Friday, September 14, 2007

Welcome Mr Zaoui

The withdrawal of the security risk certificate is the end of a disgracefully long process for Ahmed Zaoui who has had to wait for more than four years for his status in New Zealand to be finally determined. It’s a tribute to his supporters and his legal team rather than a vindication of an obscure judicial and bureaucratic process. For me the turning point was the bail hearing in the Supreme Court in 2004 where the Court was concerned with the question of what type of detention was proportionate to the risk represented by Mr Zaoui. The furthest the then Solicitor-General could go was that Mr Zaoui knew some people who were probably terrorists. That was it. The fear was not that he would be trawling the back streets of Auckland for plastic explosive but that he knew some bad people. Probably inevitable given his opposition to the Algerian regime that he had come across people who, like him, were opposed to a brutal government but who differed with him about how that opposition should be expressed.

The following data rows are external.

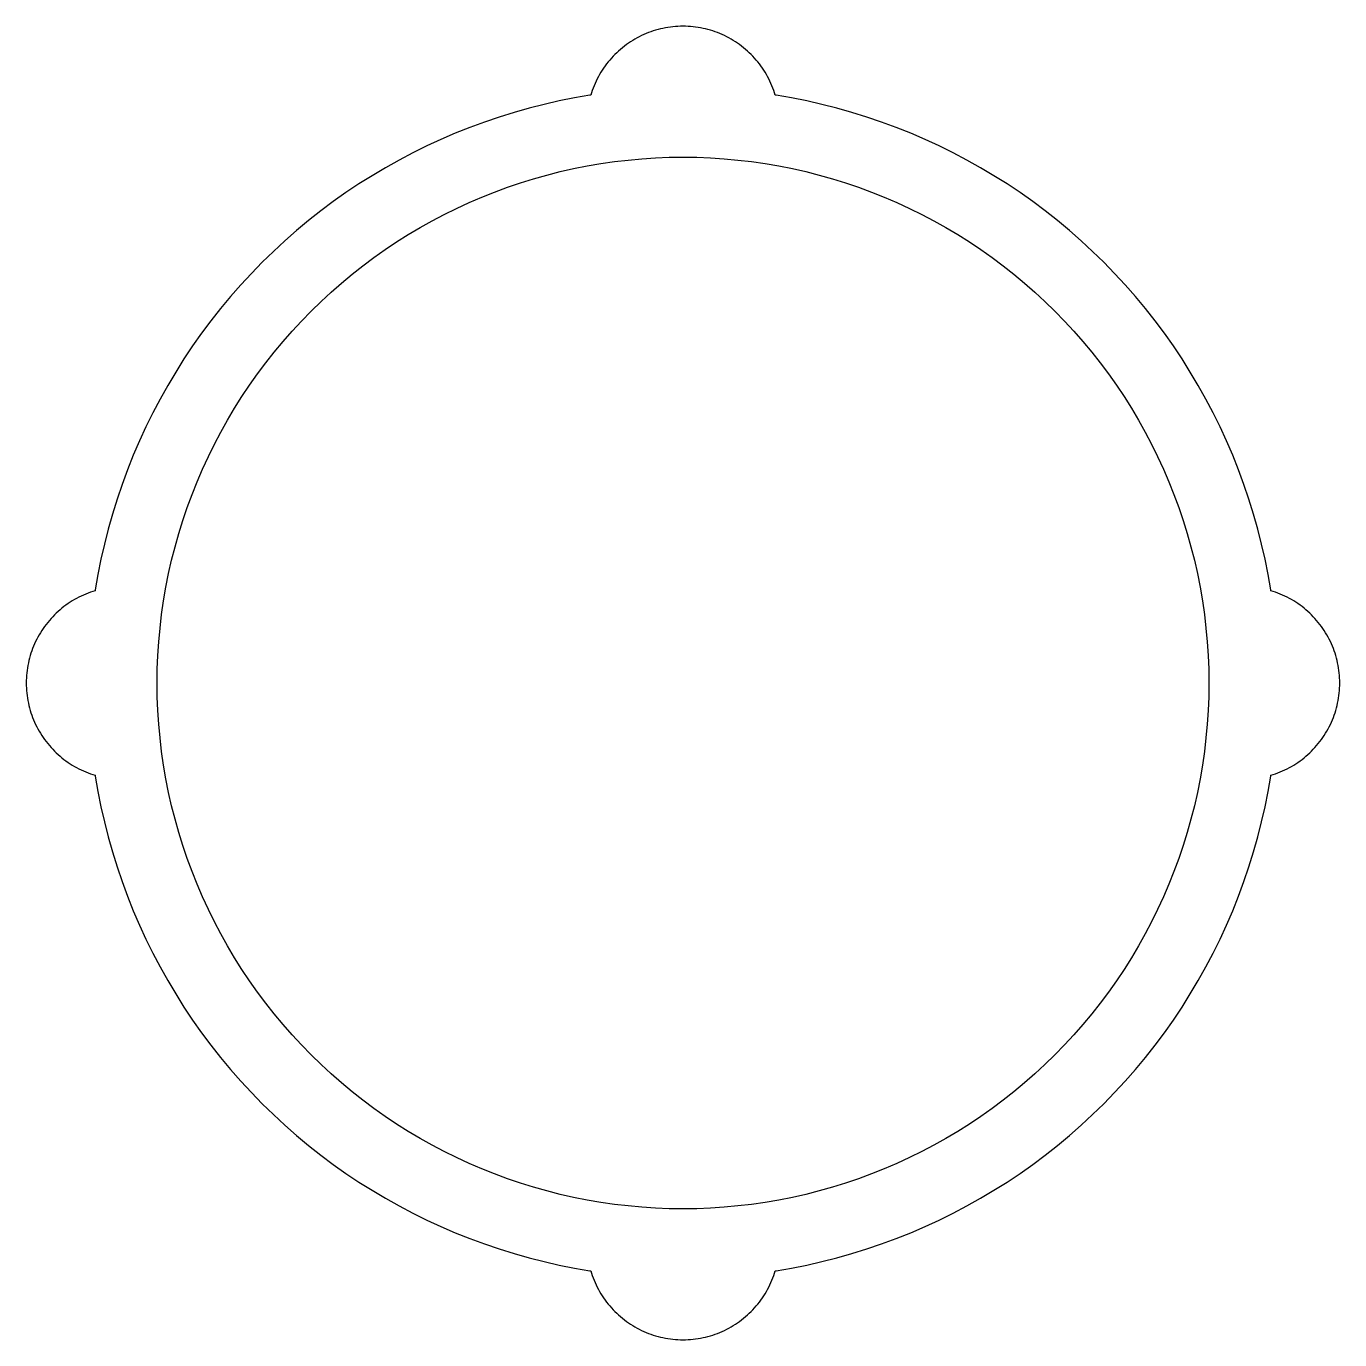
# Model space of a CAD drawing. Extents: x -66 to 66, y -66 to 66.
import ezdxf

# ---------------------------------------------------------------- set-up
doc = ezdxf.new("R2010")
doc.units = 0
doc.layers.get('0').update_dxf_attribs({"linetype": 'CONTINUOUS'})

msp = doc.modelspace()

# ---------------------------------------------------------------- linework, layer by layer
for points in [[(0.25522, -66.4967), (0.51028, -66.4866), (0.76498, -66.4699), (1.01915, -66.4466), (1.27263, -66.4166), (1.52524, -66.38), (1.7768, -66.3367), (2.02714, -66.2869), (2.27609, -66.2306), (2.52349, -66.1678), (2.76915, -66.0985), (3.01292, -66.0228), (3.25462, -65.9408), (3.49409, -65.8524), (3.73116, -65.7578), (3.96568, -65.6571), (4.19748, -65.5502), (4.42641, -65.4373), (4.6523, -65.3185), (4.875, -65.1937), (5.09436, -65.0632), (5.31023, -64.927), (5.52246, -64.7852), (5.73091, -64.6379), (5.93542, -64.4852), (6.13587, -64.3272), (6.33212, -64.164), (6.52402, -63.9957), (6.71146, -63.8224), (6.89429, -63.6443), (7.0724, -63.4615), (7.24566, -63.274), (7.41396, -63.0821), (7.57717, -62.8859), (7.7352, -62.6854), (7.88792, -62.4809), (8.03523, -62.2725), (8.17704, -62.0602), (8.31324, -61.8444), (8.44375, -61.625), (8.56847, -61.4023), (8.68731, -61.1764), (8.80021, -60.9475), (8.90707, -60.7157), (9.00783, -60.4812), (9.10241, -60.2441), (9.19075, -60.0046), (9.2728, -59.7629), (9.34843, -59.5194), (9.42518, -59.5082), (10.9797, -59.2411), (12.5267, -58.9334), (14.0651, -58.5853), (15.5938, -58.197), (17.1119, -57.7689), (18.6183, -57.3012), (20.1119, -56.7941), (21.5917, -56.2482), (23.0567, -55.6637), (24.5059, -55.0411), (25.9383, -54.3808), (27.3529, -53.6831), (28.7488, -52.9487), (30.125, -52.178), (31.4805, -51.3716), (32.8145, -50.5299), (34.126, -49.6536), (35.4141, -48.7433), (36.6779, -47.7995), (37.9166, -46.823), (39.1292, -45.8145), (40.3151, -44.7745), (41.4734, -43.7038), (42.6032, -42.6032), (43.7038, -41.4734), (44.7745, -40.3151), (45.8145, -39.1292), (46.823, -37.9166), (47.7995, -36.6779), (48.7433, -35.4141), (49.6536, -34.126), (50.5299, -32.8145), (51.3716, -31.4805), (52.178, -30.125), (52.9487, -28.7488), (53.6831, -27.3529), (54.3808, -25.9383), (55.0411, -24.5059), (55.6637, -23.0567), (56.2482, -21.5917), (56.7941, -20.1119), (57.3012, -18.6183), (57.7689, -17.1119), (58.197, -15.5938), (58.5853, -14.0651), (58.9334, -12.5267), (59.2411, -10.9797), (59.5082, -9.42518), (59.5194, -9.34843), (59.7629, -9.2728), (60.0046, -9.19075), (60.2441, -9.10241), (60.4812, -9.00783), (60.7157, -8.90707), (60.9475, -8.80021), (61.1764, -8.68731), (61.4023, -8.56847), (61.625, -8.44375), (61.8444, -8.31324), (62.0602, -8.17704), (62.2725, -8.03523), (62.4809, -7.88792), (62.6854, -7.7352), (62.8859, -7.57717), (63.0821, -7.41396), (63.274, -7.24566), (63.4615, -7.0724), (63.6443, -6.89429), (63.8224, -6.71146), (63.9957, -6.52402), (64.164, -6.33212), (64.3272, -6.13587), (64.4852, -5.93542), (64.6379, -5.73091), (64.7852, -5.52246), (64.927, -5.31023), (65.0632, -5.09436), (65.1937, -4.875), (65.3185, -4.6523), (65.4373, -4.42641), (65.5502, -4.19748), (65.6571, -3.96568), (65.7578, -3.73116), (65.8524, -3.49409), (65.9408, -3.25462), (66.0228, -3.01292), (66.0985, -2.76915), (66.1678, -2.52349), (66.2306, -2.27609), (66.2869, -2.02714), (66.3367, -1.7768), (66.38, -1.52524), (66.4166, -1.27263), (66.4466, -1.01915), (66.4699, -0.76498), (66.4866, -0.51028), (66.4967, -0.25522), (66.5, 0), (66.4967, 0.25522), (66.4866, 0.51028), (66.4699, 0.76498), (66.4466, 1.01915), (66.4166, 1.27263), (66.38, 1.52524), (66.3367, 1.7768), (66.2869, 2.02714), (66.2306, 2.27609), (66.1678, 2.52349), (66.0985, 2.76915), (66.0228, 3.01292), (65.9408, 3.25462), (65.8524, 3.49409), (65.7578, 3.73116), (65.6571, 3.96568), (65.5502, 4.19748), (65.4373, 4.42641), (65.3185, 4.6523), (65.1937, 4.875), (65.0632, 5.09436), (64.927, 5.31023), (64.7852, 5.52246), (64.6379, 5.73091), (64.4852, 5.93542), (64.3272, 6.13587), (64.164, 6.33212), (63.9957, 6.52402), (63.8224, 6.71146), (63.6443, 6.89429), (63.4615, 7.0724), (63.274, 7.24566), (63.0821, 7.41396), (62.8859, 7.57717), (62.6854, 7.7352), (62.4809, 7.88792), (62.2725, 8.03523), (62.0602, 8.17704), (61.8444, 8.31324), (61.625, 8.44375), (61.4023, 8.56847), (61.1764, 8.68731), (60.9475, 8.80021), (60.7157, 8.90707), (60.4812, 9.00783), (60.2441, 9.10241), (60.0046, 9.19075), (59.7629, 9.2728), (59.5194, 9.34843), (59.5082, 9.42518), (59.2411, 10.9797), (58.9334, 12.5267), (58.5853, 14.0651), (58.197, 15.5938), (57.7689, 17.1119), (57.3012, 18.6183), (56.7941, 20.1119), (56.2482, 21.5917), (55.6637, 23.0567), (55.0411, 24.5059), (54.3808, 25.9383), (53.6831, 27.3529), (52.9487, 28.7488), (52.178, 30.125), (51.3716, 31.4805), (50.5299, 32.8145), (49.6536, 34.126), (48.7433, 35.4141), (47.7995, 36.6779), (46.823, 37.9166), (45.8145, 39.1292), (44.7745, 40.3151), (43.7038, 41.4734), (42.6032, 42.6032), (41.4734, 43.7038), (40.3151, 44.7745), (39.1292, 45.8145), (37.9166, 46.823), (36.6779, 47.7995), (35.4141, 48.7433), (34.126, 49.6536), (32.8145, 50.5299), (31.4805, 51.3716), (30.125, 52.178), (28.7488, 52.9487), (27.3529, 53.6831), (25.9383, 54.3808), (24.5059, 55.0411), (23.0567, 55.6637), (21.5917, 56.2482), (20.1119, 56.7941), (18.6183, 57.3012), (17.1119, 57.7689), (15.5938, 58.197), (14.0651, 58.5853), (12.5267, 58.9334), (10.9797, 59.2411), (9.42518, 59.5082), (9.34843, 59.5194), (9.2728, 59.7629), (9.19075, 60.0046), (9.10241, 60.2441), (9.00783, 60.4812), (8.90707, 60.7157), (8.80021, 60.9475), (8.68731, 61.1764), (8.56847, 61.4023), (8.44375, 61.625), (8.31324, 61.8444), (8.17704, 62.0602), (8.03523, 62.2725), (7.88792, 62.4809), (7.7352, 62.6854), (7.57717, 62.8859), (7.41396, 63.0821), (7.24566, 63.274), (7.0724, 63.4615), (6.89429, 63.6443), (6.71146, 63.8224), (6.52402, 63.9957), (6.33212, 64.164), (6.13587, 64.3272), (5.93542, 64.4852), (5.73091, 64.6379), (5.52246, 64.7852), (5.31023, 64.927), (5.09436, 65.0632), (4.875, 65.1937), (4.6523, 65.3185), (4.42641, 65.4373), (4.19748, 65.5502), (3.96568, 65.6571), (3.73116, 65.7578), (3.49409, 65.8524), (3.25462, 65.9408), (3.01292, 66.0228), (2.76915, 66.0985), (2.52349, 66.1678), (2.27609, 66.2306), (2.02714, 66.2869), (1.7768, 66.3367), (1.52524, 66.38), (1.27263, 66.4166), (1.01915, 66.4466), (0.76498, 66.4699), (0.51028, 66.4866), (0.25522, 66.4967), (0, 66.5), (-0.25522, 66.4967), (-0.51028, 66.4866), (-0.76498, 66.4699), (-1.01915, 66.4466), (-1.27263, 66.4166), (-1.52524, 66.38), (-1.7768, 66.3367), (-2.02714, 66.2869), (-2.27609, 66.2306), (-2.52349, 66.1678), (-2.76915, 66.0985), (-3.01292, 66.0228), (-3.25462, 65.9408), (-3.49409, 65.8524), (-3.73116, 65.7578), (-3.96568, 65.6571), (-4.19748, 65.5502), (-4.42641, 65.4373), (-4.6523, 65.3185), (-4.875, 65.1937), (-5.09436, 65.0632), (-5.31023, 64.927), (-5.52246, 64.7852), (-5.73091, 64.6379), (-5.93542, 64.4852), (-6.13587, 64.3272), (-6.33212, 64.164), (-6.52402, 63.9957), (-6.71146, 63.8224), (-6.89429, 63.6443), (-7.0724, 63.4615), (-7.24566, 63.274), (-7.41396, 63.0821), (-7.57717, 62.8859), (-7.7352, 62.6854), (-7.88792, 62.4809), (-8.03523, 62.2725), (-8.17704, 62.0602), (-8.31324, 61.8444), (-8.44375, 61.625), (-8.56847, 61.4023), (-8.68731, 61.1764), (-8.80021, 60.9475), (-8.90707, 60.7157), (-9.00783, 60.4812), (-9.10241, 60.2441), (-9.19075, 60.0046), (-9.2728, 59.7629), (-9.34843, 59.5194), (-9.42518, 59.5082), (-10.9797, 59.2411), (-12.5267, 58.9334), (-14.0651, 58.5853), (-15.5938, 58.197), (-17.1119, 57.7689), (-18.6183, 57.3012), (-20.1119, 56.7941), (-21.5917, 56.2482), (-23.0567, 55.6637), (-24.5059, 55.0411), (-25.9383, 54.3808), (-27.3529, 53.6831), (-28.7488, 52.9487), (-30.125, 52.178), (-31.4805, 51.3716), (-32.8145, 50.5299), (-34.126, 49.6536), (-35.4141, 48.7433), (-36.6779, 47.7995), (-37.9166, 46.823), (-39.1292, 45.8145), (-40.3151, 44.7745), (-41.4734, 43.7038), (-42.6032, 42.6032), (-43.7038, 41.4734), (-44.7745, 40.3151), (-45.8145, 39.1292), (-46.823, 37.9166), (-47.7995, 36.6779), (-48.7433, 35.4141), (-49.6536, 34.126), (-50.5299, 32.8145), (-51.3716, 31.4805), (-52.178, 30.125), (-52.9487, 28.7488), (-53.6831, 27.3529), (-54.3808, 25.9383), (-55.0411, 24.5059), (-55.6637, 23.0567), (-56.2482, 21.5917), (-56.7941, 20.1119), (-57.3012, 18.6183), (-57.7689, 17.1119), (-58.197, 15.5938), (-58.5853, 14.0651), (-58.9334, 12.5267), (-59.2411, 10.9797), (-59.5082, 9.42518), (-59.5194, 9.34843), (-59.7629, 9.2728), (-60.0046, 9.19075), (-60.2441, 9.10241), (-60.4812, 9.00783), (-60.7157, 8.90707), (-60.9475, 8.80021), (-61.1764, 8.68731), (-61.4023, 8.56847), (-61.625, 8.44375), (-61.8444, 8.31324), (-62.0602, 8.17704), (-62.2725, 8.03523), (-62.4809, 7.88792), (-62.6854, 7.7352), (-62.8859, 7.57717), (-63.0821, 7.41396), (-63.274, 7.24566), (-63.4615, 7.0724), (-63.6443, 6.89429), (-63.8224, 6.71146), (-63.9957, 6.52402), (-64.164, 6.33212), (-64.3272, 6.13587), (-64.4852, 5.93542), (-64.6379, 5.73091), (-64.7852, 5.52246), (-64.927, 5.31023), (-65.0632, 5.09436), (-65.1937, 4.875), (-65.3185, 4.6523), (-65.4373, 4.42641), (-65.5502, 4.19748), (-65.6571, 3.96568), (-65.7578, 3.73116), (-65.8524, 3.49409), (-65.9408, 3.25462), (-66.0228, 3.01292), (-66.0985, 2.76915), (-66.1678, 2.52349), (-66.2306, 2.27609), (-66.2869, 2.02714), (-66.3367, 1.7768), (-66.38, 1.52524), (-66.4166, 1.27263), (-66.4466, 1.01915), (-66.4699, 0.76498), (-66.4866, 0.51028), (-66.4967, 0.25522), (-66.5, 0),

Probably also inevitable that some people opposed to the Algerian regime want to fight fire with fire and use violence to achieve their ends. The idea that we should trust in the authorities in relation to Mr Zaoui was exploded at the point of the Supreme Court bail hearing. This was all the State had, this was the basis of Mr Zaoui's detention in solitary confinement for a year and this was how the State wanted to finally determine Mr Zaoui’s fate – by keeping the detail of the case against him behind a veil and by attempting to divine the truth without rebuttal from the person in the best position to do so. There is no substitute in a fair judicial process for knowing the case against you and the involvement of the SIS shouldn’t change that.